# can you mix kibble and raw



## mkewish (Sep 2, 2008)

Jake is very sensitive. He is on California Naturals lamb & rice. I want a way to add more nutrition. I just started adding nature's variety lamb medallions to his kibble. He seems to be doing fine. But I've rumblings mixing the two is not such a good idea.

Thoughts??


----------



## JerzeyGSD (Jun 26, 2008)

I recently started feeding my dog kibble in the morning and raw at night (pieces of chicken carcass.) There are plenty of people on the forum that mix kibble and raw; some mix it in the same meal, some do what I do. If your dog seems to be tolerating it and has good poops that I don't see a problem with it.


----------



## Little Red (Jan 10, 2009)

I gained a lot of info on this question by reading this thread

http://www.germanshepherds.com/forum/ubbthreads.php?ubb=showflat&Number=306333&page=1&fpart=2

I don't know enough about it to give any advice except that when switching over to raw I put the dogs on the 50/50 raw/kibble for about 6 weeks in order to make a gradual change and the dogs adapted very well. (their appetite was good, and no problems with the poop consistency)


----------



## JerzeyGSD (Jun 26, 2008)

Man, that is a GREAT thread... my favorite.


----------



## mkewish (Sep 2, 2008)

Thank you for the info. Jake seems to be doing fine. He still eats 3 times a day, so it will be kibble and raw together in the AM and evening, just kibble at daycare in the afternoon. I've seen alot stuff posted on 'NOT' to mix the two, but no reason why. 

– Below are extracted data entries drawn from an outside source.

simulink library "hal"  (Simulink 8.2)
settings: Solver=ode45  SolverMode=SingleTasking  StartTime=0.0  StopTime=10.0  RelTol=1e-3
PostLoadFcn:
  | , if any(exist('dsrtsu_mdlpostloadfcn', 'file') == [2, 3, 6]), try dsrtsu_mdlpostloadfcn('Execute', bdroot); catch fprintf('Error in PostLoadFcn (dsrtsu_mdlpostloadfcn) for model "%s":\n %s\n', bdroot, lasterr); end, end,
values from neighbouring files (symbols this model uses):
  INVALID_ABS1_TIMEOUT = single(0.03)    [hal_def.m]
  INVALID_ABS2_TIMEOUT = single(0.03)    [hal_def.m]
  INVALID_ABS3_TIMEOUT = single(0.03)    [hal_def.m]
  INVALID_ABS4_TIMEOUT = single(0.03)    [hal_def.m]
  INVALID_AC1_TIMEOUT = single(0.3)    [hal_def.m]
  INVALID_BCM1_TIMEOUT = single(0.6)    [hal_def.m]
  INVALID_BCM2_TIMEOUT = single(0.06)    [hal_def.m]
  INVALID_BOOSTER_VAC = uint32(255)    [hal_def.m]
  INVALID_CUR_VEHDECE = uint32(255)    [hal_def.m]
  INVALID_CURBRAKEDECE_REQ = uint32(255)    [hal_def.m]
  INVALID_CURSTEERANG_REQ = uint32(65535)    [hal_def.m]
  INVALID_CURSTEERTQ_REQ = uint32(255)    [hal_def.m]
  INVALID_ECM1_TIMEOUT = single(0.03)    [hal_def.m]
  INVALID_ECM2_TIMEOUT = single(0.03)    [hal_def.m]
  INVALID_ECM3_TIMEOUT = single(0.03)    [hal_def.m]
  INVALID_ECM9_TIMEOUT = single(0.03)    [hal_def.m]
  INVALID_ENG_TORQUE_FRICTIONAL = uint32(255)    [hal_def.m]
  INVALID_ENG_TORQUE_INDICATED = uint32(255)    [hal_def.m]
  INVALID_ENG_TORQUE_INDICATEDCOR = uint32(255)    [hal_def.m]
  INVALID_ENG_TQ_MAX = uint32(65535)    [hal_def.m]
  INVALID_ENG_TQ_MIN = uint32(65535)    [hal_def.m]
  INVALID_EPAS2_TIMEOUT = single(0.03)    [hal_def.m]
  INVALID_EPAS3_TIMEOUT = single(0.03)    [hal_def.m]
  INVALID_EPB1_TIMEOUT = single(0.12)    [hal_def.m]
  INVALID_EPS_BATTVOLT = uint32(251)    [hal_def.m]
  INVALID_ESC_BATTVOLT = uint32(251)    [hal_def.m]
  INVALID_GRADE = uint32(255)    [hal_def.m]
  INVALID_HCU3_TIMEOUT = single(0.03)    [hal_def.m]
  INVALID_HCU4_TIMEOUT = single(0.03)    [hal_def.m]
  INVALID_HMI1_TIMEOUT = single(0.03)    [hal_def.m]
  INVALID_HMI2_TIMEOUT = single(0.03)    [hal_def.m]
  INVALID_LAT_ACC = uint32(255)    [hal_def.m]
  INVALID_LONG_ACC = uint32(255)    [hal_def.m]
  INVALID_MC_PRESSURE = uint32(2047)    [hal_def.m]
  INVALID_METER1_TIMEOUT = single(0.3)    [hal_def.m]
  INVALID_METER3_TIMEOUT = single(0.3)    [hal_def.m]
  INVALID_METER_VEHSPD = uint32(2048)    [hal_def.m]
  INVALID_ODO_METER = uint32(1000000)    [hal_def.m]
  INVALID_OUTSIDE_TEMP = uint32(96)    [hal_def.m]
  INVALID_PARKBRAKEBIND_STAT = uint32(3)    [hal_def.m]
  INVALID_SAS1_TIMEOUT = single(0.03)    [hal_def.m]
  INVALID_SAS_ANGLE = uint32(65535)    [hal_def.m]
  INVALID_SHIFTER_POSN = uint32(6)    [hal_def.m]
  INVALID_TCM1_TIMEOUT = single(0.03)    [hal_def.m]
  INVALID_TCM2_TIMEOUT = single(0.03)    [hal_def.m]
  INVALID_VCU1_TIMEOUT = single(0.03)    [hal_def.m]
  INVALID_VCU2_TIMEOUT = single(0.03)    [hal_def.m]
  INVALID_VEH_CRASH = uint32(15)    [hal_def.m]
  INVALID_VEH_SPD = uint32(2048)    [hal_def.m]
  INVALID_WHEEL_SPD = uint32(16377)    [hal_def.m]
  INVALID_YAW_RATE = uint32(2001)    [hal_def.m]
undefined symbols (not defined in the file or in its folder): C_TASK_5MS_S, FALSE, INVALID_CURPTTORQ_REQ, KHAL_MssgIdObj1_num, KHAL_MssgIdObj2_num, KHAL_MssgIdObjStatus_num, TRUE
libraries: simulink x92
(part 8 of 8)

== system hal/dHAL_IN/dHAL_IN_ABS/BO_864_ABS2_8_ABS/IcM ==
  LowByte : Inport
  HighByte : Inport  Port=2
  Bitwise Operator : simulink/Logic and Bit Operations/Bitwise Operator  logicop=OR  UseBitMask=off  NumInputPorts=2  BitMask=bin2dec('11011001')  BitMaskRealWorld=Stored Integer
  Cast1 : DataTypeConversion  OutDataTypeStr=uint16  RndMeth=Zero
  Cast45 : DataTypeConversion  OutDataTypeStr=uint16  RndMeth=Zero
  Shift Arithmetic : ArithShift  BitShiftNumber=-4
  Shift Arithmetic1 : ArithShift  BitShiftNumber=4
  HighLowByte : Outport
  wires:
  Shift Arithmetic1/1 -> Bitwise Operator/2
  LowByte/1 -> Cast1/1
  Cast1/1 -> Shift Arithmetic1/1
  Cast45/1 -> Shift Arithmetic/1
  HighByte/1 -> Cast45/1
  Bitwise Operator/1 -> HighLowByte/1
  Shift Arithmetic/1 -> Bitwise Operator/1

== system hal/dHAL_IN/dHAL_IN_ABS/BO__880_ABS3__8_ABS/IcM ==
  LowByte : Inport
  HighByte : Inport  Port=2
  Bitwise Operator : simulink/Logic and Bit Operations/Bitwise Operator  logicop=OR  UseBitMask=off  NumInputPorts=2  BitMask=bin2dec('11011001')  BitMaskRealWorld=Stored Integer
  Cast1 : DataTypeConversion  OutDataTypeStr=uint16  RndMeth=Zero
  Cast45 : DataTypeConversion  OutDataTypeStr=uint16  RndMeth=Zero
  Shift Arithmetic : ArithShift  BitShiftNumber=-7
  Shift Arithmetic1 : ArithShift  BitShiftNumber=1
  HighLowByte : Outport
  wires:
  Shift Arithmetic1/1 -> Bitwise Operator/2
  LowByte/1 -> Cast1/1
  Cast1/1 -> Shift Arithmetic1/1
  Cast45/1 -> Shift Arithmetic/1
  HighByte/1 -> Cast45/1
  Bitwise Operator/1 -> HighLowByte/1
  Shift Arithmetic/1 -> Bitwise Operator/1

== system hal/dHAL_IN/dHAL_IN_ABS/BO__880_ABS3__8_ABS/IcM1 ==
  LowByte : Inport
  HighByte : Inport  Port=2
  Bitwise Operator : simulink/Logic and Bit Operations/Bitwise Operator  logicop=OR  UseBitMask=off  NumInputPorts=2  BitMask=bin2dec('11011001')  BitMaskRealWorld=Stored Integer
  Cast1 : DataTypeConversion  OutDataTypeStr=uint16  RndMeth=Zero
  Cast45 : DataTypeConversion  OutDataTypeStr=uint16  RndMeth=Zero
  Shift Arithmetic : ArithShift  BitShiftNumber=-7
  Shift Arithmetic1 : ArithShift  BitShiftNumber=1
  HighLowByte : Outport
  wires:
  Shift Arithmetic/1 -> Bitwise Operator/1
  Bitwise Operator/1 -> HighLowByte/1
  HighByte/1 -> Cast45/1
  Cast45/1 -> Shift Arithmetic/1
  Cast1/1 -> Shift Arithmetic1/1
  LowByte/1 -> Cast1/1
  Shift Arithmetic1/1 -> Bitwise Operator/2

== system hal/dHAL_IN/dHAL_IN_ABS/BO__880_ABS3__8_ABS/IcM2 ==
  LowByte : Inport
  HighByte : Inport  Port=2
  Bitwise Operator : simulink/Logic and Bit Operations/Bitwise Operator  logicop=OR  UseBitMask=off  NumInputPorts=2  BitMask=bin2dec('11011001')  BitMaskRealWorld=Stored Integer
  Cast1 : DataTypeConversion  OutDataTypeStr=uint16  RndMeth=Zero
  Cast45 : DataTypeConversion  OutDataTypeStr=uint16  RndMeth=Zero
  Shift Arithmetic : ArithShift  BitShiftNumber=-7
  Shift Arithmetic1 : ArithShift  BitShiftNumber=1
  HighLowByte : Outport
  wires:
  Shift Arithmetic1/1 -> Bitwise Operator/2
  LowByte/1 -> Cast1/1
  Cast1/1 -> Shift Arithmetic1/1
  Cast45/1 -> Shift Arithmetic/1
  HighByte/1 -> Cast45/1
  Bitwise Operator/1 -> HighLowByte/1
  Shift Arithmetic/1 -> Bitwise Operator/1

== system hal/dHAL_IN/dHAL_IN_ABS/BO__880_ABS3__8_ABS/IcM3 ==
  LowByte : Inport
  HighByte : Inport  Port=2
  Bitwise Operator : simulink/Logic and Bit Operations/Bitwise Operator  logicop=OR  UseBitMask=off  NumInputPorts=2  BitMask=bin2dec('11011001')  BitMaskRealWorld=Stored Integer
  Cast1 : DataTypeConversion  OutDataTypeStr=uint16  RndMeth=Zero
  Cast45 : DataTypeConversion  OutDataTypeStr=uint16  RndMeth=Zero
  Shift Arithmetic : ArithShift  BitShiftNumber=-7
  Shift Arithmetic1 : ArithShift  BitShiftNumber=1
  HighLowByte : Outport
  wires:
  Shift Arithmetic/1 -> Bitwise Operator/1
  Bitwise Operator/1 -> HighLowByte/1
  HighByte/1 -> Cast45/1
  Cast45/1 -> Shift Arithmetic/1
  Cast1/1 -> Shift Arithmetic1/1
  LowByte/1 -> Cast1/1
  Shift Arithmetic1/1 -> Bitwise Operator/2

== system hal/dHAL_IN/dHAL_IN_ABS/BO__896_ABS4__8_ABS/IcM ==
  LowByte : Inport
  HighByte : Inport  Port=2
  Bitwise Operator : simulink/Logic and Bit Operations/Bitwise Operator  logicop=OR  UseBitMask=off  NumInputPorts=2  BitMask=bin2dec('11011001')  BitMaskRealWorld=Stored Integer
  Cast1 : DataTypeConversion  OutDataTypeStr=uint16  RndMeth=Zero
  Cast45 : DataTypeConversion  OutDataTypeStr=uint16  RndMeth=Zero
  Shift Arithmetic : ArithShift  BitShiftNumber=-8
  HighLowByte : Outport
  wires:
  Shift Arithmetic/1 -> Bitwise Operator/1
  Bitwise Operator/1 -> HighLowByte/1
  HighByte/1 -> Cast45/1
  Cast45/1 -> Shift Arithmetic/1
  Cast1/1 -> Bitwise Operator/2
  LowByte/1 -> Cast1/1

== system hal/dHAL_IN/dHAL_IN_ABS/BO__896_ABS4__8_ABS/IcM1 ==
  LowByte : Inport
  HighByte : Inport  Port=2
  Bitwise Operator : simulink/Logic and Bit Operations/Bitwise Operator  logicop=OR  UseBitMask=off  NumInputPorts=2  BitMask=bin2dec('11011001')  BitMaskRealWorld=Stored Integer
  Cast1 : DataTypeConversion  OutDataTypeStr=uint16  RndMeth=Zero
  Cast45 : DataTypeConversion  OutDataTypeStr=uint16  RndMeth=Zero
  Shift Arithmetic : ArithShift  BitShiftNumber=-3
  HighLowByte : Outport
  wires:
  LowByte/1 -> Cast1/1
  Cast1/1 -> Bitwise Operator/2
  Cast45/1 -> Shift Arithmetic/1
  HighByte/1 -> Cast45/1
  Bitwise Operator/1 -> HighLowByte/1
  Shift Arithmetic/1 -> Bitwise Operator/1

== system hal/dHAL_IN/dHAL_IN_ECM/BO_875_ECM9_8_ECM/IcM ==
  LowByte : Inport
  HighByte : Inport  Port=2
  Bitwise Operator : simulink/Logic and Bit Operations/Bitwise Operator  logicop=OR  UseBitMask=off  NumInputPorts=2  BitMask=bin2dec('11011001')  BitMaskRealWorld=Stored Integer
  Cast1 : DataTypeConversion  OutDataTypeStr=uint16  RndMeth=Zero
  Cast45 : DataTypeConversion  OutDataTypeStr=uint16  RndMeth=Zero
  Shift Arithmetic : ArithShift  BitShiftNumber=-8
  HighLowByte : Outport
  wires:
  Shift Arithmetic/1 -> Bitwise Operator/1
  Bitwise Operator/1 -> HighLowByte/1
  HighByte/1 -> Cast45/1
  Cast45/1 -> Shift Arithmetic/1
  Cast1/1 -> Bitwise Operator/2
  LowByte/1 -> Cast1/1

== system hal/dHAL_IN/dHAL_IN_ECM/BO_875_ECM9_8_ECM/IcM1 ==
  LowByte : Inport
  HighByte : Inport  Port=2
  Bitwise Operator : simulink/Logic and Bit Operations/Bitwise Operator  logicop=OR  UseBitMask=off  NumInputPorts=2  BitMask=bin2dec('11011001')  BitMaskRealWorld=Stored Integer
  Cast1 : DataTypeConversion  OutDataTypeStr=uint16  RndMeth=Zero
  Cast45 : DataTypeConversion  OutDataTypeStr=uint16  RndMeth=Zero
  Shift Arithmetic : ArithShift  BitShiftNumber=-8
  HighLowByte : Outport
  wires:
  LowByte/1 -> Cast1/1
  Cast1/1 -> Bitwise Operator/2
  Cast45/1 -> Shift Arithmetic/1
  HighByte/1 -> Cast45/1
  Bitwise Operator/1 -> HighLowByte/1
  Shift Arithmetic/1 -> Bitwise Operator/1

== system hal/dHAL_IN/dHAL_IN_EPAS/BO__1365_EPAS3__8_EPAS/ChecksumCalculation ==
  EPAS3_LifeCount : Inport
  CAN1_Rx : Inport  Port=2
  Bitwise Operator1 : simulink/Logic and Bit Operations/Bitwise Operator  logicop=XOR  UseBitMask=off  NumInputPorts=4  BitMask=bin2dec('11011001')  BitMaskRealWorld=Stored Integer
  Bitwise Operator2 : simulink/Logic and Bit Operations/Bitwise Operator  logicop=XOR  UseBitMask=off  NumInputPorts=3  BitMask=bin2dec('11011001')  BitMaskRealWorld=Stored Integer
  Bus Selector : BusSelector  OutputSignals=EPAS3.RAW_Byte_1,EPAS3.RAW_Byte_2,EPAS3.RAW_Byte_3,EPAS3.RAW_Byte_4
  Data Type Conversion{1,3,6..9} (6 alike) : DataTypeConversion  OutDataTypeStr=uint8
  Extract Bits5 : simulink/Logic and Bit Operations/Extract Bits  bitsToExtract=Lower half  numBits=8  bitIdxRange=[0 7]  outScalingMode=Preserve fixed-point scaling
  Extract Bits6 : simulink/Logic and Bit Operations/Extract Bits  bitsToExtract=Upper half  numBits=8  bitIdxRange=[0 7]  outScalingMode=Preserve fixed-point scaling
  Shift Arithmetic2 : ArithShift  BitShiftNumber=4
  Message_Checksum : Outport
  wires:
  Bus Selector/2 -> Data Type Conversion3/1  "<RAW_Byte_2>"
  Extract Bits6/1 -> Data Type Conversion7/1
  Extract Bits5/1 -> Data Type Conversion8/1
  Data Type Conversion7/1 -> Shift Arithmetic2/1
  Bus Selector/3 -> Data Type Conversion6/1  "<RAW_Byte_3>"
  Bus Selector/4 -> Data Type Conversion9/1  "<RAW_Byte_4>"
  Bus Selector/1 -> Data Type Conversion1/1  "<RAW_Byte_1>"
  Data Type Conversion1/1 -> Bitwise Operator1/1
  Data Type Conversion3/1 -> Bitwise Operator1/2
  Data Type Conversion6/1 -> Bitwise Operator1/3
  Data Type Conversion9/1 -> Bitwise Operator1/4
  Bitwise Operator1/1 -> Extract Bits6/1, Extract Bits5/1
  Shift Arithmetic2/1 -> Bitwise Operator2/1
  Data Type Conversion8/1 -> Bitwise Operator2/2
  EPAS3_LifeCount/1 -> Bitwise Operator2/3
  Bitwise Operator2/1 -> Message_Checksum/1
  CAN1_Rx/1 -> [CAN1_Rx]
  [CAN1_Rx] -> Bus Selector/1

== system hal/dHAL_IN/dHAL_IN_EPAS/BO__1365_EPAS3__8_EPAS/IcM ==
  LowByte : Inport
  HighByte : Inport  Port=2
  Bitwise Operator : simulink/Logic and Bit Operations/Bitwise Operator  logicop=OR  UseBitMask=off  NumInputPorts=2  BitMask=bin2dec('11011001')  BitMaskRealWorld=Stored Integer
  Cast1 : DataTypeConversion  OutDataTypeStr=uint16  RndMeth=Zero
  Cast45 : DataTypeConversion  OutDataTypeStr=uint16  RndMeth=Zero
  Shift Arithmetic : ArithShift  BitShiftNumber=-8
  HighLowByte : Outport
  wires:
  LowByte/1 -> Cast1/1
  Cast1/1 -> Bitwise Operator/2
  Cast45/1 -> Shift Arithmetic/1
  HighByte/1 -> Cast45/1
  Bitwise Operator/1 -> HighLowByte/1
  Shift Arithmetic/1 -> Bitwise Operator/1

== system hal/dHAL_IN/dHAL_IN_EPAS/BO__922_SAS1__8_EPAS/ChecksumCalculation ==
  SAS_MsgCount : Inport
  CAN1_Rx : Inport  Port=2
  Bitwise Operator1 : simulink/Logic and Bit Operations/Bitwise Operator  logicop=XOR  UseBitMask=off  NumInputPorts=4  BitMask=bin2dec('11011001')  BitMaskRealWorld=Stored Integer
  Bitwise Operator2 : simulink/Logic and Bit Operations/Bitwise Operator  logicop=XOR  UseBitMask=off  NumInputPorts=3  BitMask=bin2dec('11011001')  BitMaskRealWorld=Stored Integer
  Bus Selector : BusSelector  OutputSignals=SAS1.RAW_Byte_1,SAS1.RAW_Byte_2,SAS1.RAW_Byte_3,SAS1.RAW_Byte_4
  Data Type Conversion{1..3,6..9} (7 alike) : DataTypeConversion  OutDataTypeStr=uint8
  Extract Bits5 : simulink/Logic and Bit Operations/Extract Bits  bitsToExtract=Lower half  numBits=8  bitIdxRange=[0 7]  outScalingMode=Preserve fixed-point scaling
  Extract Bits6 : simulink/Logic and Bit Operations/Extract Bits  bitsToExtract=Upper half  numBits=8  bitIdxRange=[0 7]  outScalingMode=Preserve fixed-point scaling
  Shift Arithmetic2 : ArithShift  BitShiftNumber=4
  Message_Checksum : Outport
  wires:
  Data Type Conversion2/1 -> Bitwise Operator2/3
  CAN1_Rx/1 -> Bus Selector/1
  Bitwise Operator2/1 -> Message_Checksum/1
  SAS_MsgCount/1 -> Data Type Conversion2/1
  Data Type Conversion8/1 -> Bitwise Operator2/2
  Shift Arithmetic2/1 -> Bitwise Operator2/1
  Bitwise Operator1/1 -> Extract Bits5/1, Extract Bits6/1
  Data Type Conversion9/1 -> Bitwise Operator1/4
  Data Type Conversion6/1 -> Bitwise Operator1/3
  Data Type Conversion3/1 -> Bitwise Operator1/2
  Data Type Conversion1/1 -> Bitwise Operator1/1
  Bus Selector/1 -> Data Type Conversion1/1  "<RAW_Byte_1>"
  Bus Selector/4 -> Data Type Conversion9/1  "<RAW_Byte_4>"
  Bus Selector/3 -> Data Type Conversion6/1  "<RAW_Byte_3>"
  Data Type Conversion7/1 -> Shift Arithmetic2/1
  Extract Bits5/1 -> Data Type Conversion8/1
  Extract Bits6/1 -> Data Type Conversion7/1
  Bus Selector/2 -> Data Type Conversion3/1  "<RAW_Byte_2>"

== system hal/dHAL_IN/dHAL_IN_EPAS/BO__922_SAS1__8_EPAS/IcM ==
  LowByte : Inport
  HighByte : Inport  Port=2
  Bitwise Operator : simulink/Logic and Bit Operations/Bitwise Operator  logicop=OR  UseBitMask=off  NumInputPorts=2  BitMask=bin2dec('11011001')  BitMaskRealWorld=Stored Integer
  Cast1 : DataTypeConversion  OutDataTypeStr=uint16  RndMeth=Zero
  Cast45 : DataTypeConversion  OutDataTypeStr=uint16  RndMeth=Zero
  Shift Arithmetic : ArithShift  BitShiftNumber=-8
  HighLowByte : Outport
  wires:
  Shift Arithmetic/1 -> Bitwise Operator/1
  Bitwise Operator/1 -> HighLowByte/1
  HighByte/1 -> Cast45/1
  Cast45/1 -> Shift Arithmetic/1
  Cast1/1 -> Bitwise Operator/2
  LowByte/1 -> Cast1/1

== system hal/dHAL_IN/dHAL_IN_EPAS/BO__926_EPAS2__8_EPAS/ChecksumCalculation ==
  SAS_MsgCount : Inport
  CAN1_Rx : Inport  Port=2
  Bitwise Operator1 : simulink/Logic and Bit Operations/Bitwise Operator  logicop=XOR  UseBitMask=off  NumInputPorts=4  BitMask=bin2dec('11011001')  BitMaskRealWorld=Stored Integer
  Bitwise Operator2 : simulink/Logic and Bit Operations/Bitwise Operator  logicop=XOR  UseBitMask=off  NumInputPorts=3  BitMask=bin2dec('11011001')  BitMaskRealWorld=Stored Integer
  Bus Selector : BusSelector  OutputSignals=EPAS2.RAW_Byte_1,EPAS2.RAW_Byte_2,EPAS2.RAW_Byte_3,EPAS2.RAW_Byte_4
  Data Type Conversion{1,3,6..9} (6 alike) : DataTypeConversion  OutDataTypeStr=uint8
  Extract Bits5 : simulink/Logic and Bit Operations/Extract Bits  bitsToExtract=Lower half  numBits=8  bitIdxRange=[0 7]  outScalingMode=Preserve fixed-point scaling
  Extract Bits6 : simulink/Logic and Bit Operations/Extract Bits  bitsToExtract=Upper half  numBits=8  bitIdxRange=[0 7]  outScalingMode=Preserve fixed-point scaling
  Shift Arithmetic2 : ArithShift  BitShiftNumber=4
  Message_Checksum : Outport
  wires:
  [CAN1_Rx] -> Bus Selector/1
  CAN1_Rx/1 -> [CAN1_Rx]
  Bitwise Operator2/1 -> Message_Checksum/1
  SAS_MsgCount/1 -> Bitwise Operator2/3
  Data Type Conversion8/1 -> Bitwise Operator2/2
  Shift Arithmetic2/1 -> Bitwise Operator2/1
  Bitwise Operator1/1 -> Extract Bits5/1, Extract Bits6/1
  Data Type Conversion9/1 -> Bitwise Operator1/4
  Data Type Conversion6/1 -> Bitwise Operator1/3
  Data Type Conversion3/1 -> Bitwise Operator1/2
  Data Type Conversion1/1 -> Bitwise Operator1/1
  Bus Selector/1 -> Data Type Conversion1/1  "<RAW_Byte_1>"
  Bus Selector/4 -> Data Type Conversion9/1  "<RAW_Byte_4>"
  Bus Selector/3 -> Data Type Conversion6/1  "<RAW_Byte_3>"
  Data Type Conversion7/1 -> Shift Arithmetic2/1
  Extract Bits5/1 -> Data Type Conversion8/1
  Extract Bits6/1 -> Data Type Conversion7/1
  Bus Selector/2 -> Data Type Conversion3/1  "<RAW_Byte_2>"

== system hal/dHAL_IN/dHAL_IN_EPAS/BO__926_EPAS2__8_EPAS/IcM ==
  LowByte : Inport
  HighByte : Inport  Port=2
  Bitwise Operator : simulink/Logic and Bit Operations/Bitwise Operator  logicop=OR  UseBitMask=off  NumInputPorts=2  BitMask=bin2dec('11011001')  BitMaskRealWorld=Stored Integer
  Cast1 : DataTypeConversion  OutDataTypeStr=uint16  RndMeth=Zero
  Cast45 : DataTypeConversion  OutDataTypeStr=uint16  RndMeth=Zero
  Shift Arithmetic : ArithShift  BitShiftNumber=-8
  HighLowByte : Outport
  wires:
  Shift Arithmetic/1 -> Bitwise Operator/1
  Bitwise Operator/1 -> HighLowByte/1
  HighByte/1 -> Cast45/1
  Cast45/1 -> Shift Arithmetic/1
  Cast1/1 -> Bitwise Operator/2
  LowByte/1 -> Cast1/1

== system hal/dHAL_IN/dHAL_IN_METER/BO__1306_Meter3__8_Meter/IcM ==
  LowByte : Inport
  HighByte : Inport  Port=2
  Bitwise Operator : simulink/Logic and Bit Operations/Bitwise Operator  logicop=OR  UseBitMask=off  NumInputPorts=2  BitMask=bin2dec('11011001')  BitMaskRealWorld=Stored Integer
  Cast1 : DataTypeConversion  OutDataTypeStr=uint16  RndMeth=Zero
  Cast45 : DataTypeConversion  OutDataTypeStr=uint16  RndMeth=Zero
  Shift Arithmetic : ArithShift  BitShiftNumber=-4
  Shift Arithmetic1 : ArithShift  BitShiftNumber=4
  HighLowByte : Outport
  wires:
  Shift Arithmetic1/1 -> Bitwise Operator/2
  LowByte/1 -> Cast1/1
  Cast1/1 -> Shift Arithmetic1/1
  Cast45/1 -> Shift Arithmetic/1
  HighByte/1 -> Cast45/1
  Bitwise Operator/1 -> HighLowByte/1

If he has good poops ... it stays  I just want to make sure I'm not going to bring on any long term problems by doing this.

Thanks again.


----------



## RavenSophi (Feb 23, 2009)

Hi there jacobcain, 

The explanation for not feeding kibble and RAW in the same meal is that they digest at different rates. RAW goes through the system much quicker and the kibble 'swells' and takes longer to pass through. That might upset his digestive system a little. There is however nothing wrong with feeding kibble and RAW together but at separate times i.e kibble in the morning and RAW at night or which ever way around. I'm also new to feeding RAW. I spend every spare second researching and reading. So far, when it comes to 50/50 RAW and kibble that is what i discovered.







Hope it helps.


----------



## Barb E (Jun 6, 2004)

I too have seen the don't feed together but have never seen a scientific reason.

This is what I know, I do it with Dante all the time and he's never had a problem


----------



## Elaine (Sep 10, 2006)

This not feeding both at the same time is another one of those raw feeding myths that has been repeated so many times that people think it's true. You will not find any scientific evidence anywhere on this and with how many people feed both in the same meal without any problem, it's just a crock.


----------



## BowWowMeow (May 7, 2007)

I have fed kibble and raw separately and together and have noticed no difference. I've been mixing raw with kibble for more than 10 years now with no problems.


----------



## RavenSophi (Feb 23, 2009)

Good to know!


----------



## mkewish (Sep 2, 2008)

All - Thank you Thank you.

This makes me feel much better now. I will be keeping a watch on his stools, he's pretty sensitive so I'm sure if there is problem it will show up there :-(

I was thinking about trying the Nature's Variety Prairie Kibble (Lamb) instead of the California Natural's .. any benefit to that? (I'm using the Nature's Variety Raw)


----------